What is a hacker?
Hackers are commonly referred to in print media and Internet reports, and are often viewed as either criminal masterminds intent of wreaking havoc and causing chaos, or bored (but highly skilled) teenagers with nothing better to do with this time.
However, a hacker is just an individual who is familiar with computer software and who is able to find and exploit security weaknesses in computer systems. Should you conduct a search on the internet for HTML Injection, you would find a great many websites that explain how to use this technique to gain access to websites. If you were to follow the instructions, you would essentially be a hacker. Just, not a very good one.
Not all hackers are bad, not all lack a conscience, and many are not motivated by money. Some are highly talented individuals who want recognition for their computer skills or just want to protest about something. Hackers have been known to break in just to prove a point. It is morally reprehensible that board members are taking huge amounts of cash out of the business, but are jeopardizing the privacy of their customers and leaving them exposed to Identity theft.

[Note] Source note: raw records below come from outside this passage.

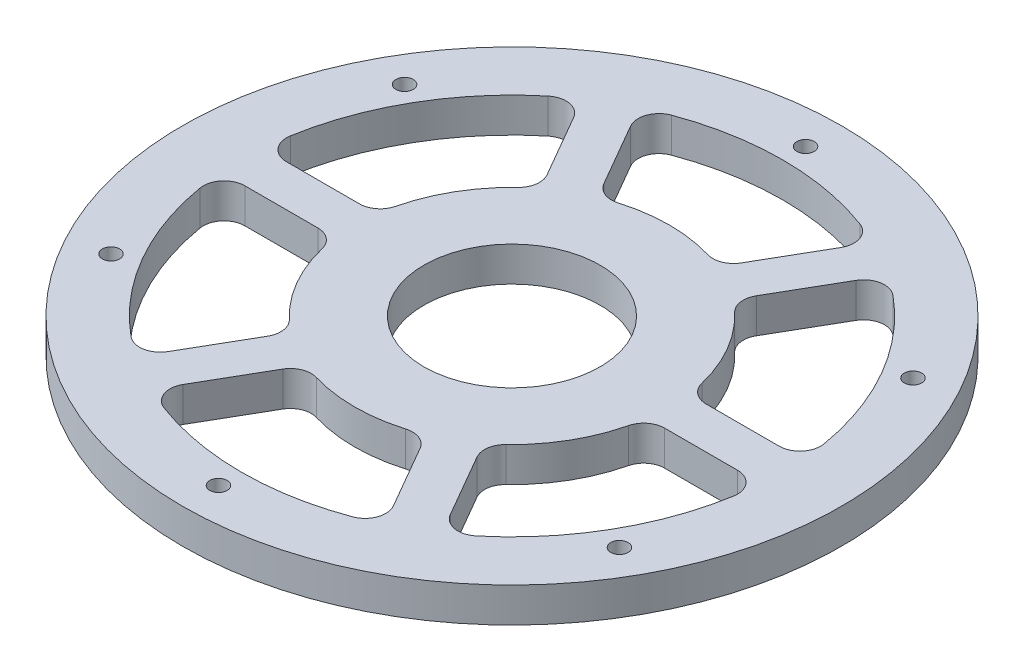
SolidWorks part; units mm, degrees
material "ABS"
ref_plane "Front Plane" through (0, 0, 0) normal (0, 0, 1) x (1, 0, 0)
ref_plane "Top Plane" through (0, 0, 0) normal (0, 1, 0) x (1, 0, 0)
ref_plane "Right Plane" through (0, 0, 0) normal (1, 0, 0) x (0, 0, -1)
sketch "Sketch1" plane through (0, 0, 0) normal (0, 1, 0) x (1, 0, 0)
  circle A0 centre (0, 0) radius 47.5
  dimension "D1" = 95
extrude "Boss-Extrude1" add sketch "Sketch1" along normal blind 5
sketch "Sketch2" plane through (0, 5, 0) normal (0, 1, 0) x (1, 0, 0)
  circle A0 centre (0, 0) radius 12.7
  dimension "D1" = 25.4
extrude "Cut-Extrude1" cut sketch "Sketch2" against normal through all
sketch "Sketch3" plane through (0, 5, 0) normal (0, 1, 0) x (1, 0, 0)
  circle A0 centre (0, 0) radius 42.31 construction
  circle A1 centre (0, 42.31) radius 1.25
  circle A2 centre (36.6415, 21.155) radius 1.25
  circle A3 centre (36.6415, -21.155) radius 1.25
  circle A4 centre (0, -42.31) radius 1.25
  circle A5 centre (-36.6415, -21.155) radius 1.25
  circle A6 centre (-36.6415, 21.155) radius 1.25
  point P17 (0, 0)
  dimension "D1" = 84.62
  dimension "D2" = 2.5
  dimension "D3" = 6
extrude "Cut-Extrude2" cut sketch "Sketch3" against normal blind 2.5
sketch "Sketch4" plane through (0, 5, 0) normal (0, 1, 0) x (1, 0, 0)
  line L0 (0, 0) -> (0, 39) construction
  line L1 (0, 0) -> (-19.5, 33.775) construction
  line L2 (-22.0403, 32.1749) -> (-13.8485, 17.9863)
  line L3 (-16.8441, 35.1749) -> (-8.6524, 20.9863)
  line L4 (16.8441, 35.1749) -> (8.6524, 20.9863)
  line L5 (22.0403, 32.1749) -> (13.8485, 17.9863)
  line L6 (38.8844, 3) -> (22.5009, 3)
  line L7 (38.8844, -3) -> (22.5009, -3)
  line L8 (22.0403, -32.1749) -> (13.8485, -17.9863)
  line L9 (16.8441, -35.1749) -> (8.6524, -20.9863)
  line L10 (-16.8441, -35.1749) -> (-8.6524, -20.9863)
  line L11 (-22.0403, -32.1749) -> (-13.8485, -17.9863)
  line L12 (-38.8844, -3) -> (-22.5009, -3)
  line L13 (-38.8844, 3) -> (-22.5009, 3)
  circle A0 centre (0, 0) radius 39
  circle A1 centre (0, 0) radius 22.7
  circle A2 centre (0, 0) radius 12.7 construction
  point P38 (0, 0)
  dimension "D1" = 10
  dimension "45" = 78
  dimension "D2" = 30
  dimension "D3" = 3
  dimension "D4" = 6
extrude "Cut-Extrude3" cut sketch "Sketch4" against normal through all contours A1 L2 A0 L13 | A1 L4 A0 L3 | A1 L6 A0 L5 | A1 L8 A0 L7 | A1 L10 A0 L9 | A1 L12 A0 L11
fillet "Fillet1" radius 3 24 edges at (-8.6524, 2.5, -20.9863) (-16.8441, 2.5, -35.1749) (8.6524, 2.5, -20.9863) (16.8441, 2.5, -35.1749) (22.5009, 2.5, -3) (38.8844, 2.5, -3) (22.0403, 2.5, -32.1749) (13.8485, 2.5, -17.9863) (13.8485, 2.5, 17.9863) (22.0403, 2.5, 32.1749) (22.5009, 2.5, 3) (38.8844, 2.5, 3) (-16.8441, 2.5, 35.1749) (16.8441, 2.5, 35.1749) (8.6524, 2.5, 20.9863) (-8.6524, 2.5, 20.9863) (-22.0403, 2.5, 32.1749) (-13.8485, 2.5, 17.9863) (-22.5009, 2.5, 3) (-38.8844, 2.5, 3) (-13.8485, 2.5, -17.9863) (-22.5009, 2.5, -3) (-38.8844, 2.5, -3) (-22.0403, 2.5, -32.1749)
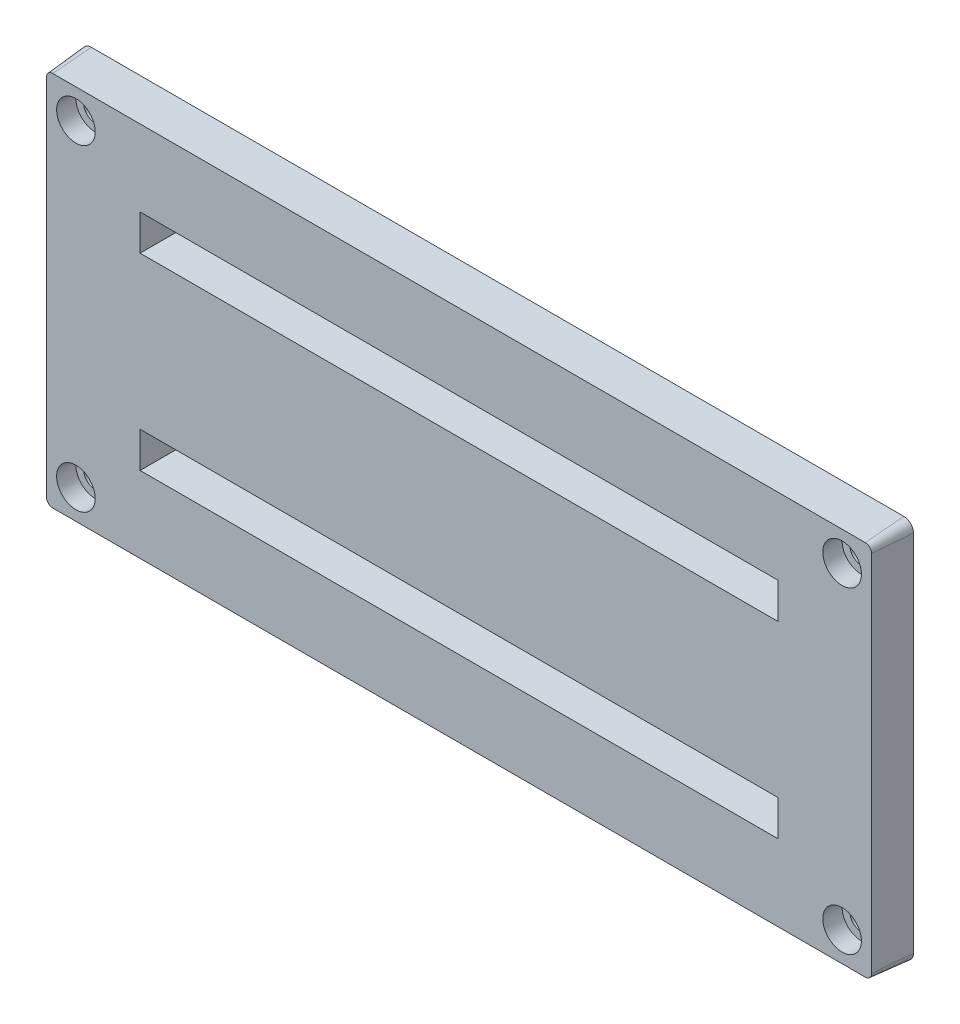
SolidWorks part; units mm, degrees
ref_plane "Спереди" through (0, 0, 0) normal (0, 0, 1) x (1, 0, 0)
ref_plane "Сверху" through (0, 0, 0) normal (0, 1, 0) x (1, 0, 0)
ref_plane "Справа" through (0, 0, 0) normal (1, 0, 0) x (0, 0, -1)
sketch "Sketch1" plane through (0, 0, 11.6) normal (0, 0, 1) x (1, 0, 0)
  line L0 (-42.1, -10.1) -> (42.1, -10.1) construction
  line L1 (-43.1, 28.6) -> (-43.1, -9.1) construction
  line L2 (43.1, -9.1) -> (43.1, 28.6) construction
  line L3 (42.1, 29.6) -> (-42.1, 29.6) construction
  line L4 (-42.1, -10.1) -> (42.1, -10.1)
  line L5 (-43.1, 28.6) -> (-43.1, -9.1)
  line L6 (43.1, -9.1) -> (43.1, 28.6)
  line L7 (42.1, 29.6) -> (-42.1, 29.6)
  line L12 (-32.7, 1.5) -> (-32.7, -1.5) construction
  line L13 (-32.7, -1.5) -> (32.7, -1.5) construction
  line L14 (32.7, -1.5) -> (32.7, 1.5) construction
  line L15 (32.7, 1.5) -> (-32.7, 1.5) construction
  line L16 (32.7, 18) -> (32.7, 21) construction
  line L17 (-32.7, 18) -> (32.7, 18) construction
  line L18 (-32.7, 21) -> (-32.7, 18) construction
  line L19 (32.7, 21) -> (-32.7, 21) construction
  line L20 (-32.7, 1.5) -> (-32.7, -1.5)
  line L21 (-32.7, -1.5) -> (32.7, -1.5)
  line L22 (32.7, -1.5) -> (32.7, 1.5)
  line L23 (32.7, 1.5) -> (-32.7, 1.5)
  line L24 (32.7, 18) -> (32.7, 21)
  line L25 (-32.7, 18) -> (32.7, 18)
  line L26 (-32.7, 21) -> (-32.7, 18)
  line L27 (32.7, 21) -> (-32.7, 21)
  arc A0 (-43.1, -9.1) -> (-42.1, -10.1) centre (-42.1, -9.1) ccw construction
  arc A1 (42.1, -10.1) -> (43.1, -9.1) centre (42.1, -9.1) ccw construction
  arc A2 (-42.1, 29.6) -> (-43.1, 28.6) centre (-42.1, 28.6) ccw construction
  arc A3 (43.1, 28.6) -> (42.1, 29.6) centre (42.1, 28.6) ccw construction
  arc A4 (-43.1, -9.1) -> (-42.1, -10.1) centre (-42.1, -9.1) ccw
  arc A5 (42.1, -10.1) -> (43.1, -9.1) centre (42.1, -9.1) ccw
  arc A6 (-42.1, 29.6) -> (-43.1, 28.6) centre (-42.1, 28.6) ccw
  arc A7 (43.1, 28.6) -> (42.1, 29.6) centre (42.1, 28.6) ccw
extrude "Boss-Extrude1" add sketch "Sketch1" along normal blind 4 draft 5
sketch "Sketch2" plane through (0, 0, 15.6) normal (0, 0, 1) x (1, 0, 0)
  circle A0 centre (-39.7, 26.2) radius 1.2
  circle A1 centre (-39.7, -6.7) radius 1.2
  circle A2 centre (39.7, -6.7) radius 1.2
  circle A3 centre (39.7, 26.2) radius 1.2
  dimension "D1" = 2.4
extrude "Cut-Extrude1" cut sketch "Sketch2" against normal through all
sketch "Sketch3" plane through (0, 0, 15.6) normal (0, 0, 1) x (1, 0, 0)
  circle A0 centre (-39.7, 26.2) radius 2
  circle A1 centre (-39.7, -6.7) radius 2
  circle A2 centre (39.7, -6.7) radius 2
  circle A3 centre (39.7, 26.2) radius 2
  dimension "D1" = 4
extrude "Cut-Extrude2" cut sketch "Sketch3" against normal blind 2
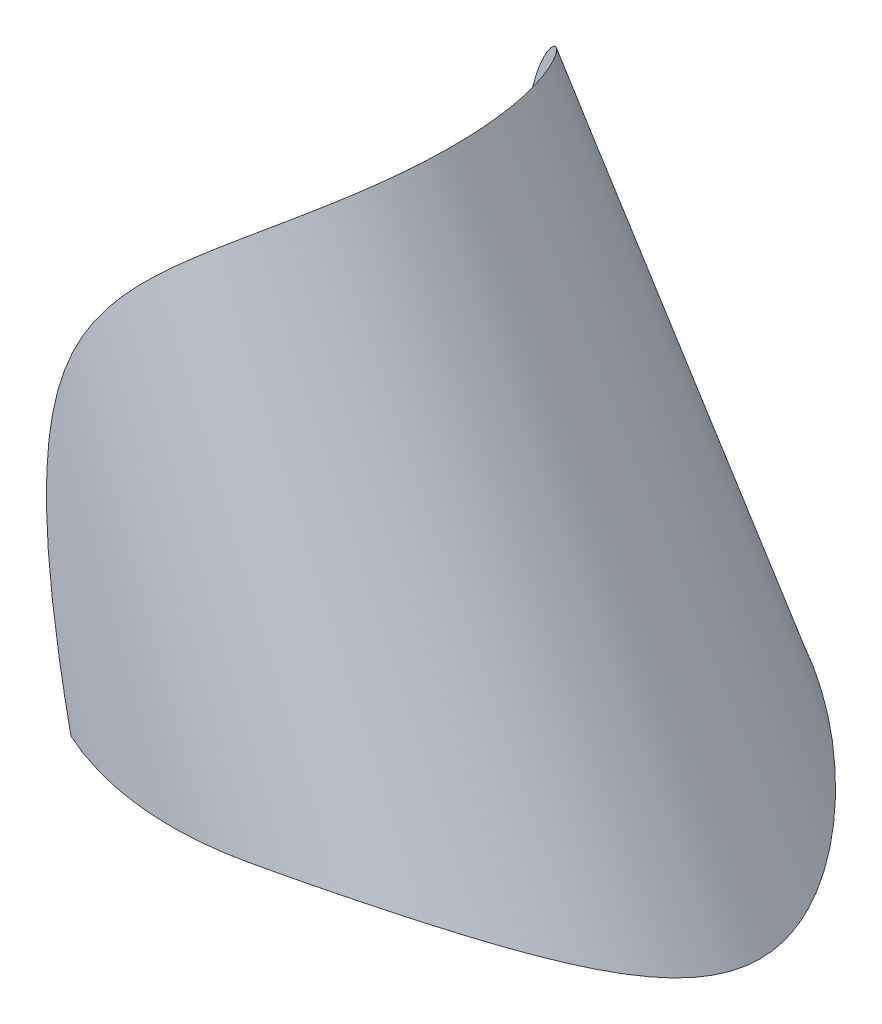
SolidWorks part; units mm, degrees
ref_plane "Plan de face" through (0, 0, 0) normal (0, 0, 1) x (1, 0, 0)
ref_plane "Plan de dessus" through (0, 0, 0) normal (0, 1, 0) x (1, 0, 0)
ref_plane "Plan de droite" through (0, 0, 0) normal (1, 0, 0) x (0, 0, -1)
sketch "Esquisse6" plane through (0, 0, 0) normal (0, 0, 1) x (1, 0, 0)
  line L0 (30.2546, 29.0234) -> (49.8378, -5.9766)
  line L1 (30.2546, 29.0234) -> (32, 30)
  line L2 (32, 30) -> (51.5831, -5)
  line L3 (51.5831, -5) -> (49.8378, -5.9766)
  line L7 (16, 30) -> (43.0834, -28.0805) construction
  line L9 (16, 30) -> (16, -28.0805) construction
  dimension "D1" = 2
  dimension "D2" = 30
  dimension "D3" = 5
  dimension "D4" = 16
  dimension "D5" = 25
  dimension "D6" = 16
  dimension "D7" = 35.5831
revolve "Révolution3" add sketch "Esquisse6" angle 360 about L7
sketch "Esquisse7" plane through (0, 0, 0) normal (0, 1, 0) x (1, 0, 0)
  circle A0 centre (16, 0) radius 16
  dimension "D1" = 32
extrude "Enlèv. mat.-Extru.4" cut sketch "Esquisse7" against normal through all and the other way through all
sketch "Esquisse8" plane through (0, 0, 0) normal (0, 0, 1) x (1, 0, 0)
  line L1 (0, 0) -> (35, 0)
  line L2 (0, 0) -> (0, -30)
  line L3 (0, -30) -> (65, -30)
  arc A0 (65, -30) -> (35, 0) centre (35, -30) ccw
  point P7 (65, 0)
  dimension "D2" = 30
  dimension "D1" = 65
extrude "Enlèv. mat.-Extru.5" cut sketch "Esquisse8" against normal through all and the other way through all
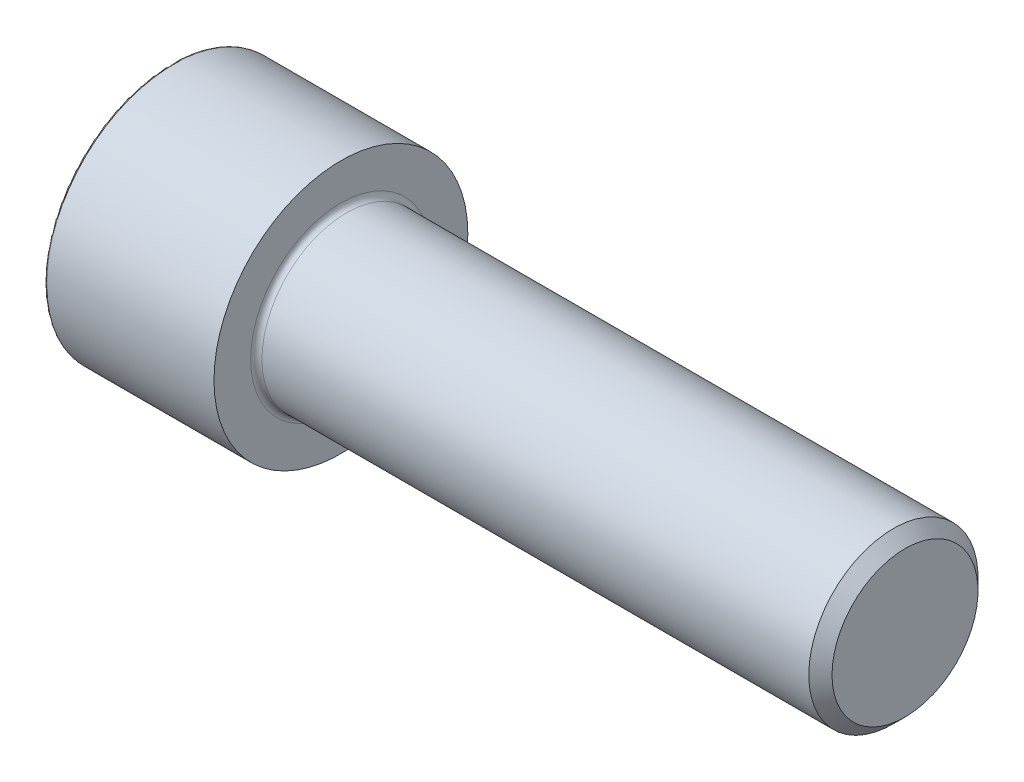
SolidWorks part; units mm, degrees
revolve "Base-Revolve" add sketch "BodySke"
sketch "BodySke" plane through (0, 0, 0) normal (0, 0, 1) x (1, 0, 0)
  line L0 (0, 0) -> (0, 18)
  line L1 (0, 18) -> (24, 18)
  line L2 (24, 18) -> (24, 12)
  line L3 (24, 12) -> (102.352, 12)
  line L4 (104, 10.352) -> (104, 0)
  line L5 (104, 0) -> (0, 0)
  line L6 (-31.75, 0) -> (127, 0) construction
  line L8 (104, 10.352) -> (102.352, 12)
  line L10 (104, -10.352) -> (102.352, -12) construction
  line L11 (27, 9.525) -> (27, 3.175) construction
  line L12 (44, 9.525) -> (44, 3.175) construction
  line L13 (44, 9.525) -> (44, 3.175) construction
  dimension "Body_ch_ang" = 45
  dimension "Thread_length" = 60
cosmetic thread "ThreadCosmetic"
fillet "Fillet1" radius 0.8 1 edges at (24, 0, 12)
fillet "Fillet2" radius 0.3 1 edges at (0, 0, 18)
ref_plane "Plane1" through (0, 0, 0) normal (0, 0, 1) x (1, 0, 0)
ref_plane "Plane2" through (0, 0, 0) normal (0, 1, 0) x (1, 0, 0)
ref_plane "Plane3" through (0, 0, 0) normal (1, 0, 0) x (0, 0, -1)
other "Configuration Table"
sketch "Sketch2" plane through (0, 0, 0) normal (0, 0, 1) x (1, 0, 0)
  line L0 (0, 9.6375) -> (12.573, 9.6375)
  line L1 (12.573, 9.6375) -> (18.1372, 0)
  line L2 (-31.75, 0) -> (127, 0) construction
  line L3 (18.1372, 0) -> (0, 0)
  line L4 (0, 0) -> (0, 9.6375)
  line L6 (0, 0) -> (47.625, 0) construction
  dimension "D2" = 60
revolve "Hex-PreBroach" cut sketch "Sketch2" angle 360 about L6
sketch "Sketch3" plane through (0, 0, 0) normal (-1, 0, 0) x (0, 0.5, 0.866)
  line L0 (5.5642, 9.6375) -> (-5.5642, 9.6375)
  line L1 (-5.5642, 9.6375) -> (-11.1284, 0)
  line L2 (5.5642, 9.6375) -> (11.1284, 0)
  line L3 (5.5642, -9.6375) -> (11.1284, 0)
  line L4 (5.5642, -9.6375) -> (-5.5642, -9.6375)
  line L5 (-5.5642, -9.6375) -> (-11.1284, 0)
extrude "Hex" cut sketch "Sketch3" against normal blind 12.573
sketch "ThdSchSke" plane through (0, 0, 0) normal (0, 0, 1) x (1, 0, 0)
  line L0 (44, -10.352) -> (42.8461, -12)
  line L1 (44, -10.352) -> (45.1539, -12)
  line L2 (45.1539, -12) -> (45.1539, -15)
  line L3 (-3.175, 0) -> (5.1513, 0) construction
  line L4 (0, 17.7) -> (0, -17.7) construction
  line L5 (45.1539, -15) -> (42.8461, -15)
  line L6 (42.8461, -15) -> (42.8461, -12)
revolve "ThreadSchematic" [suppressed] cut sketch "ThdSchSke" angle 360 about L3
pattern_linear "ThdSchPat" [suppressed]
equation "\"D2@Sketch3\" = \"Hex_size@Sketch3\" / 2"
equation "\"D1@Sketch3\" = \"Hex_size@Sketch3\" / 2"
equation "\"D1@Sketch2\" = \"Hex_size@Sketch3\" / 2"
equation "\"Thread_minor@ThreadCosmetic\"  =  \"Minor_dia@BodySke\""
equation "\"Depth@Sketch2\" =  \"Key_eng@Hex\""
equation "\"Thread_length@ThreadCosmetic\" = ((sgn( (\"Length@BodySke\" - \"Advance@BodySke\" * 3.0) - \"Thread_nom@BodySke\" )-1)*( (\"Length@BodySke\" - \"Advance@BodySke\" * 3.0) - \"Thread_nom@BodySke\" ))/-2+ \"Thread_nom@BodySke\""
equation "\"Thread_minor@ThdSchSke\" = \"Minor_dia@BodySke\""
equation "\"Diameter@ThdSchSke\" = \"Diameter@BodySke\""
equation "\"Overcut@ThdSchSke\" = \"Diameter@BodySke\" * 1.25"
equation "\"Start@ThdSchSke\" = \"Head_ht@BodySke\" + \"Length@BodySke\" - \"Thread_length@ThreadCosmetic\"  '---Non-countersunk---"
equation "\"Num_threads@ThdSchPat\" = int( \"Thread_length@ThreadCosmetic\" / \"Advance@BodySke\" + 0.999 )  + 1"
equation "\"Advance@ThdSchPat\" = \"Thread_length@ThreadCosmetic\" /  (\"Num_threads@ThdSchPat\" - 1) 'relax it"
equation "\"Num_threads@ThdSchPat\" = \"Num_threads@ThdSchPat\" - sgn( \"Num_threads@ThdSchPat\" - 1) '---chamfered tips only---"
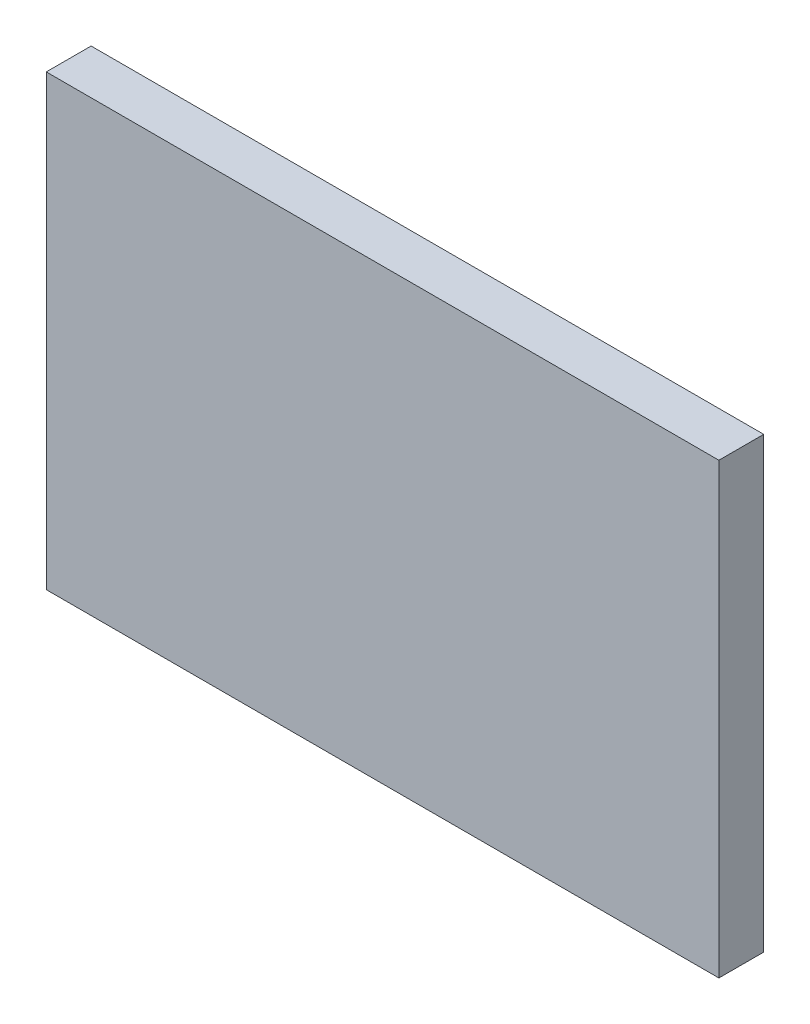
SolidWorks part; units mm, degrees
ref_plane "Plano frontal" through (0, 0, 0) normal (0, 0, 1) x (1, 0, 0)
ref_plane "Plano superior" through (0, 0, 0) normal (0, 1, 0) x (1, 0, 0)
ref_plane "Plano direito" through (0, 0, 0) normal (1, 0, 0) x (0, 0, -1)
sketch "Esboço1" plane through (0, 0, 0) normal (0, 0, 1) x (1, 0, 0)
  line L1 (-151.7572, -48.8669) -> (148.2428, -48.8669)
  line L2 (-151.7572, -48.8669) -> (-151.7572, 151.1331)
  line L3 (-151.7572, 151.1331) -> (148.2428, 151.1331)
  line L4 (148.2428, -48.8669) -> (148.2428, 151.1331)
  dimension "D1" = 300
  dimension "D2" = 200
extrude "Ressalto-extrusão1" add sketch "Esboço1" along normal blind 20

Some companies even employ hackers to test their systems. These “ethical hackers” or “white hat hackers” perform an extremely valuable job. It is far better to have an employee attempt to hack a computer network to find vulnerabilities in order to fix them, rather than have a malicious outsider break in and steal data. Facebook has, and does, hire programmers for this purpose, and even runs an annual hack-a-thon.
The rise of the everyday hacker
The leading company in the field of application security testing, Veracode, produces an annual security report that assesses the state of software security. The company’s researchers investigate security trends and makes predictions about how vulnerabilities could potentially be exploited.
In this year’s State of Software Security Report the company has predicted there will be a rise in the number of “everyday hackers” over the next few years. These “have-a-go-hackers” will not be highly skilled computer geniuses. They will be normal people who decide to have a go at hacking. As previously mentioned, there is a lot of information on the internet, and many techniques do not require a great deal of computer skill to pull it off.
A “SQL injection” search on Google will reveal 1.74 million search results. Not all of those websites will give step by step instructions on how to do it, but some do. Currently, according to the Veracode security report, 32% of web applications contain security flaws that could be exploited by SQL injection. These flaws are not hard to identify, and are actually quite easy to fix. Many companies do not even test for them.
Hacking is increasing and data breaches are occurring much more frequently
More than half of data breaches are caused by hackers breaking into systems to steal data (or stealing data once they have broken into a system for other reasons). In 2011 and 2012, Veracode calculated that 52% of data breaches came as a result of web intrusions.
Interestingly, software is now being installed to tackle these vulnerabilities and far fewer security holes typically exist. The problem is more people are now looking for vulnerabilities to exploit.
Veracode found that unsecure software was the largest root cause of data loss. Its researchers discovered that 70% of software used by organizations does not even comply with enterprise data security policies.
Unless organizations take a more proactive approach and address these vulnerabilities as a priority, hackers will exploit the security holes and sabotage systems, hold companies to ransom, and steal data. To prevent data breaches, action must be taken and taken fast.